The most welcome news I’ve heard in weeks is this: drinking 2 to 3 glasses of champagne, daily, may help delay the development of dementia or Alzheimer’s.
Now, before you hit up Walmart for a silo of Andre’s Cold Duck, this isn’t breaking news, it’s simply been trending on social media as a 2013 study that has been regurgitated, stating, “New research shows that drinking one to three glasses of champagne a week may counteract the memory loss associated with ageing, and could help delay the onset of degenerative brain disorders, such as dementia.” But the deal is, the rest of the study informs us that, ‘Scientists at the University of Reading have shown that the phenolic compounds found in champagne can improve spatial memory, which is responsible for recording information about one’s environment, and storing the information for future navigation.
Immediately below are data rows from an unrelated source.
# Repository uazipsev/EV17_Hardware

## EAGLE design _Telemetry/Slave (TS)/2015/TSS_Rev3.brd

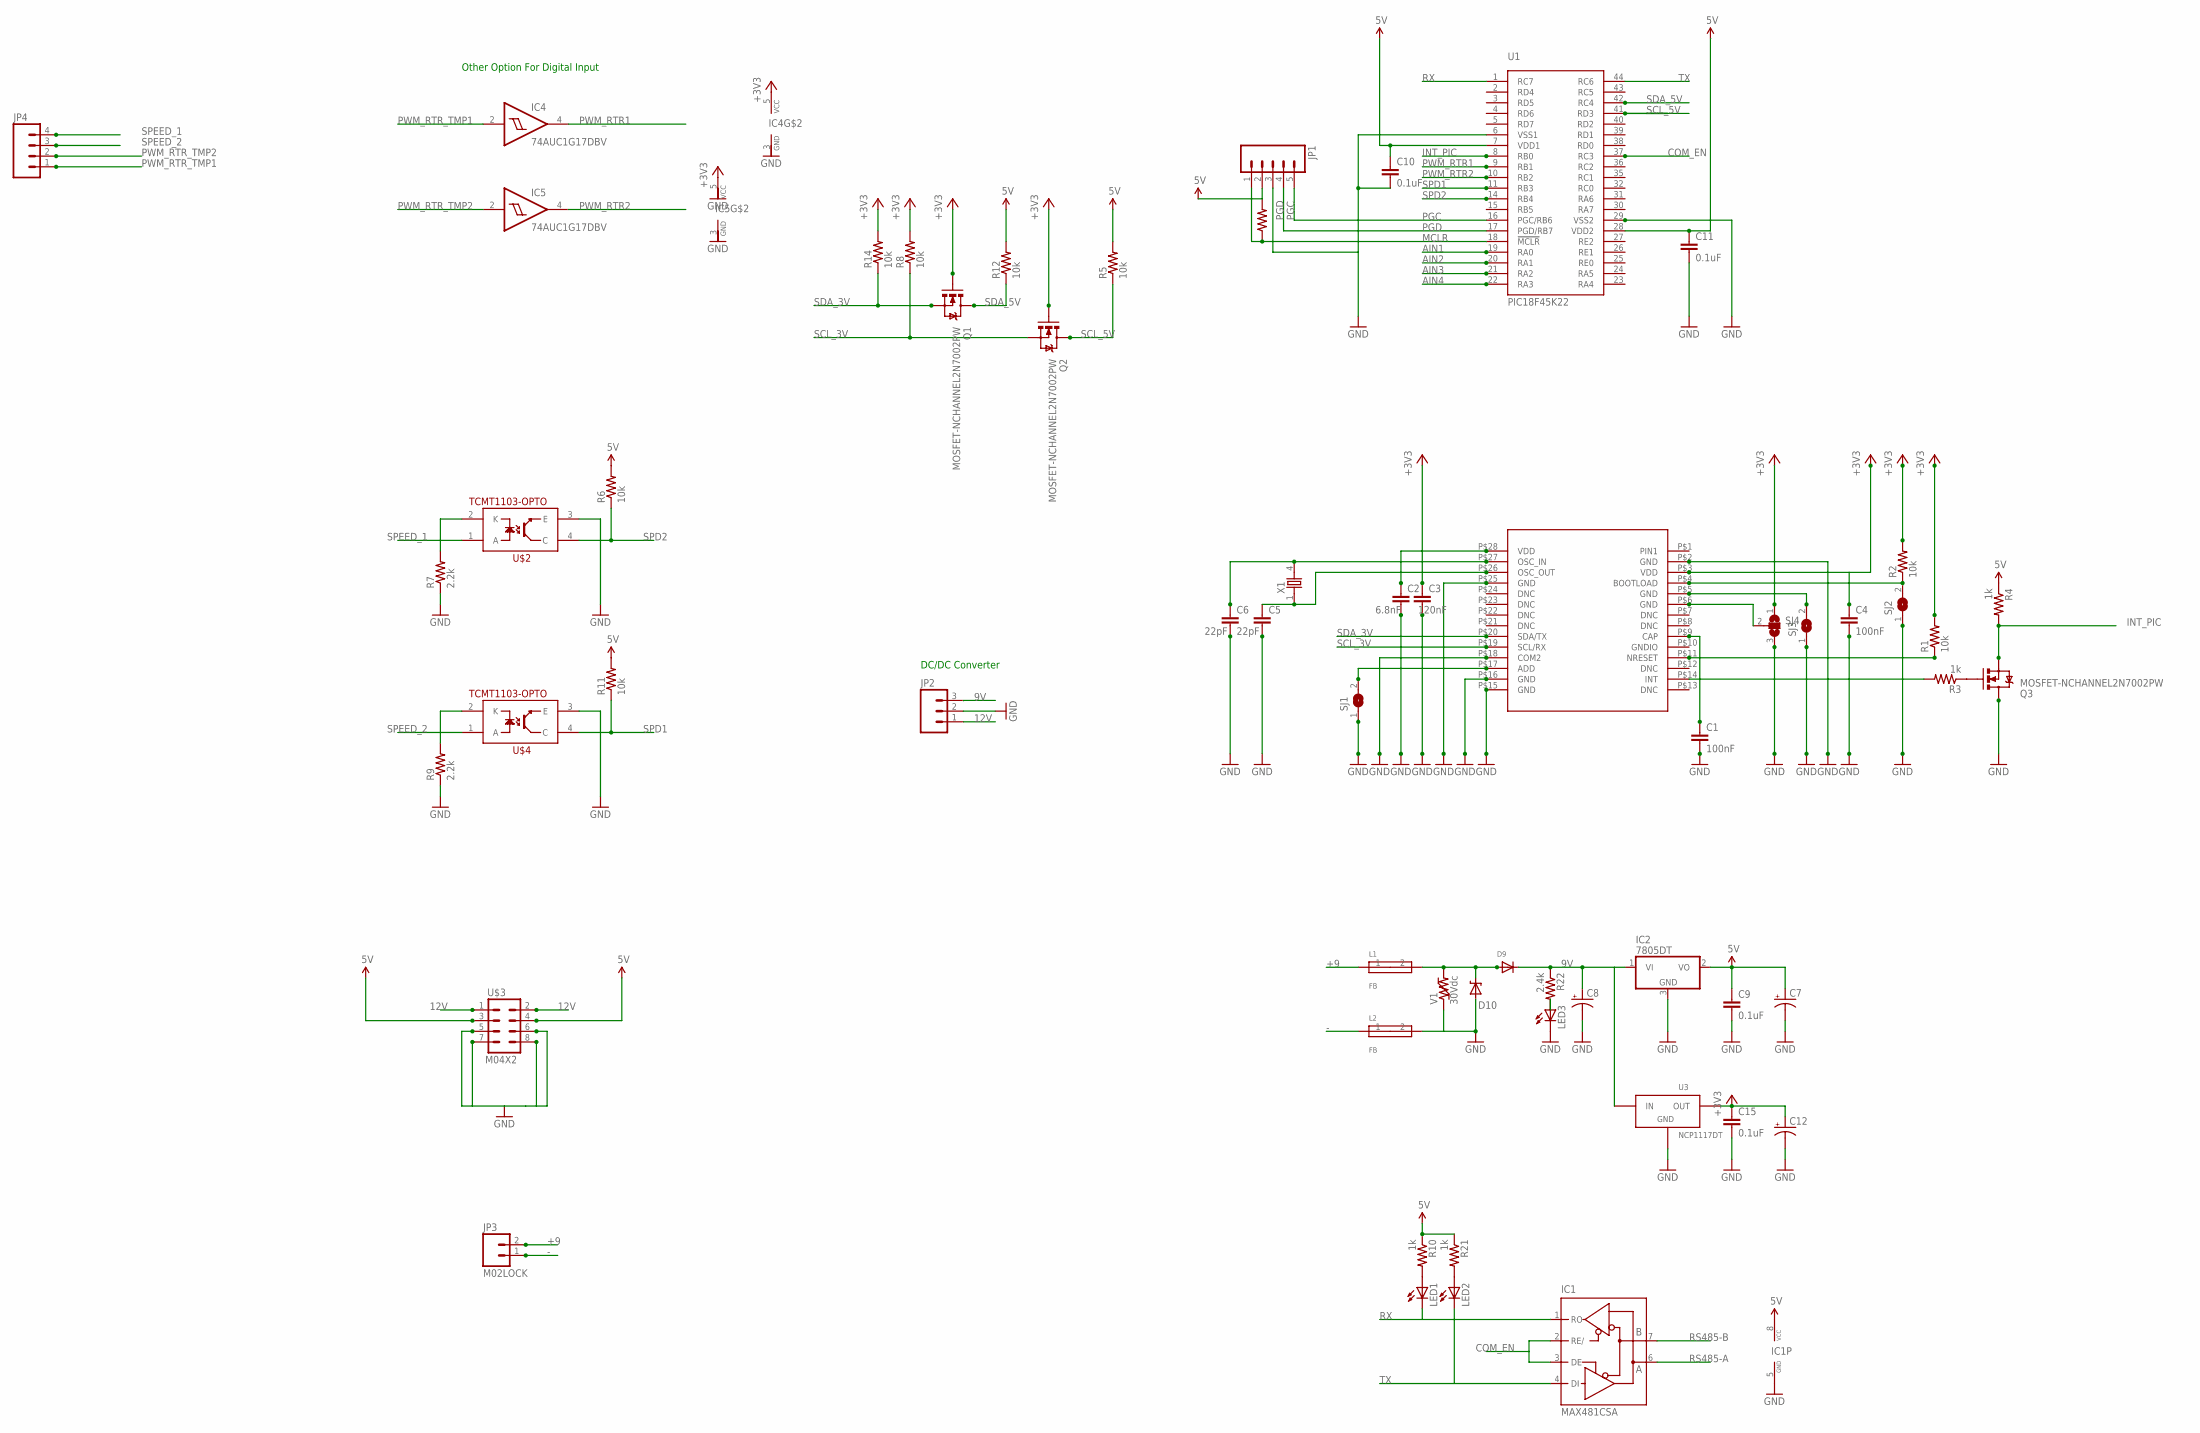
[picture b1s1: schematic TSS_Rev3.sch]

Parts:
C1, C4: 100nF; 0805
C2: 6.8nF; 0805
C3: 120nF; 0805
C5, C6: 22pF; 0805
C7, C12: CPOL-USCT3528; CT3528
C8: CAP_POL7343; EIA7343
C9, C10, C11, C15: 0.1uF; 0805
D9: DIODESOD-123; SOD-123
D10: MM5Z30; SOD-523F
IC1: MAX481CSA; SO08
IC2: 7805DT; TO252
IC4, IC5: 74AUC1G17DBV; SOT23-5
JP1: M05LOCK; 1X05_LOCK
JP2: M03PTH; 1X03
JP3: M02LOCK; 1X02_LOCK
JP4: M04LOCK; 1X04_LOCK
L1, L2: FB; 0603
LED1, LED2, LED3: LEDCHIP-LED0805; CHIP-LED0805
Q1, Q2, Q3: MOSFET-NCHANNEL2N7002PW; SOT323
R1, R2, R5, R6, R8, R11, R12, R13, R14: 10k; 0805
R3, R4, R10, R21: 1k; 0805
R7, R9: 2.2k; 0805
R22: 2.4k; 0805
SJ1, SJ2, SJ3: SJ
SJ4: SJ2W; SJ_2
U1: PIC18F45K22; TQFP-44
U2: BOSCH_IMUSURFACEMOUNT; LGA_28
U3: NCP1117DT; DPAK
U$2, U$4: TCMT1103-OPTO; SSOP-4
U$3: M04X2; 2X4
V1: 30Vdc; 0603
X1: 86SMX

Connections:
5V: C7.+, C9.1, C10.1, C11.1, IC1.8 (VCC), IC2.2 (VO), JP1.2, R4.1, R5.2, R6.2, R10.1, R11.2, R12.2, R13.2, R21.1, U1.7 (VDD1), U1.28 (VDD2), U$3.3, U$3.4
9V: C8.A (+), D9.C, IC2.1 (VI), JP2.3, R22.1, U3.3 (IN)
12V: JP2.1, U$3.1, U$3.2
+3V3: C2.1, C3.1, C4.1, C12.+, C15.1, IC4.5 (VCC), IC5.5 (VCC), Q1.1 (G), Q2.1 (G), R1.2, R2.2, R8.2, R14.2, SJ4.1, U2.P$3 (VDD), U2.P$28 (VDD), U3.2 (OUT)
+9: JP3.2, L1.1
-: JP3.1, L2.1
AIN1: U1.19 (RA0)
AIN2: U1.20 (RA1)
AIN3: U1.21 (RA2)
AIN4: U1.22 (RA3)
COM_EN: IC1.2 (RE/), IC1.3 (DE), U1.37 (RC3)
GHT: D9.A, D10.C, L1.2, V1.2
GND: C1.2, C2.2, C3.2, C4.2, C5.2, C6.2, C7.-, C8.C (-), C9.2, C10.2, C11.2, C12.-, C15.2, D10.A, IC1.5 (GND), IC2.3 (GND), IC4.3 (GND), IC5.3 (GND), JP1.3, JP2.2, L2.2, LED3.C, Q3.3 (D), R7.1, R9.1, SJ1.1, SJ2.1, SJ3.1, SJ4.3, U1.6 (VSS1), U1.29 (VSS2), U2.P$2 (GND), U2.P$15 (GND), U2.P$16 (GND), U2.P$18 (COM2), U2.P$25 (GND), U3.1 (GND), U$2.3 (E), U$3.5, U$3.6, U$3.7, U$3.8, U$4.3 (E), V1.1
INT_PIC: Q3.2 (S), R4.2, U1.8 (RB0)
MCLR: JP1.1, R13.1, U1.18 (!MCLR)
unnamed: SJ3.2, U2.P$5 (GND)
unnamed: R2.1, SJ2.2, U2.P$4 (BOOTLOAD)
unnamed: SJ4.2, U2.P$6 (GND)
unnamed: LED3.A, R22.2
unnamed: LED1.A, R10.2
unnamed: LED2.A, R21.2
unnamed: C6.1, U2.P$27 (OSC_IN), X1.4 (2)
unnamed: C5.1, U2.P$26 (OSC_OUT), X1.1
unnamed: R7.2, U$2.2 (K)
unnamed: SJ1.2, U2.P$17 (ADD)
unnamed: R9.2, U$4.2 (K)
unnamed: R3.2, U2.P$14 (INT)
unnamed: C1.1, U2.P$9 (CAP)
unnamed: R1.1, U2.P$11 (NRESET)
unnamed: Q3.1 (G), R3.1
PGC: JP1.5, U1.16 (PGC/RB6)
PGD: JP1.4, U1.17 (PGD/RB7)
PWM_RTR1: IC4.4 (O), U1.9 (RB1)
PWM_RTR2: IC5.4 (O), U1.10 (RB2)
PWM_RTR_TMP1: IC4.2 (I), JP4.1
PWM_RTR_TMP2: IC5.2 (I), JP4.2
RS485-A: IC1.6 (A)
RS485-B: IC1.7 (B)
RX: IC1.1 (RO), LED1.C, U1.1 (RC7)
SCL_3V: Q2.2 (S), R8.1, U2.P$19 (SCL/RX)
SCL_5V: Q2.3 (D), R5.1, U1.41 (RD3)
SDA_3V: Q1.2 (S), R14.1, U2.P$20 (SDA/TX)
SDA_5V: Q1.3 (D), R12.1, U1.42 (RC4)
SPD1: R11.1, U1.11 (RB3), U$4.4 (C)
SPD2: R6.1, U1.14 (RB4), U$2.4 (C)
SPEED_1: JP4.4, U$2.1 (A)
SPEED_2: JP4.3, U$4.1 (A)
TX: IC1.4 (DI), LED2.C, U1.44 (RC6)

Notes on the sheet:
DC/DC Converter
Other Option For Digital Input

Dr. David Vauzour, the researcher on the study, added: “in the near future we will be looking to translate these findings into humans. This has been achieved successfully with other polyphenol-rich foods, such as blueberry and cocoa, and we predict similar outcomes for moderate Champagne intake on cognition in humans.’”
So not really earth shaking. The scientists simply seem to be saying to stop eating crap, add a handful of fresh blueberries to your chocolate flavored cereal, add some sparkling wine, and it might be helpful to remember where you parked your car at the mall.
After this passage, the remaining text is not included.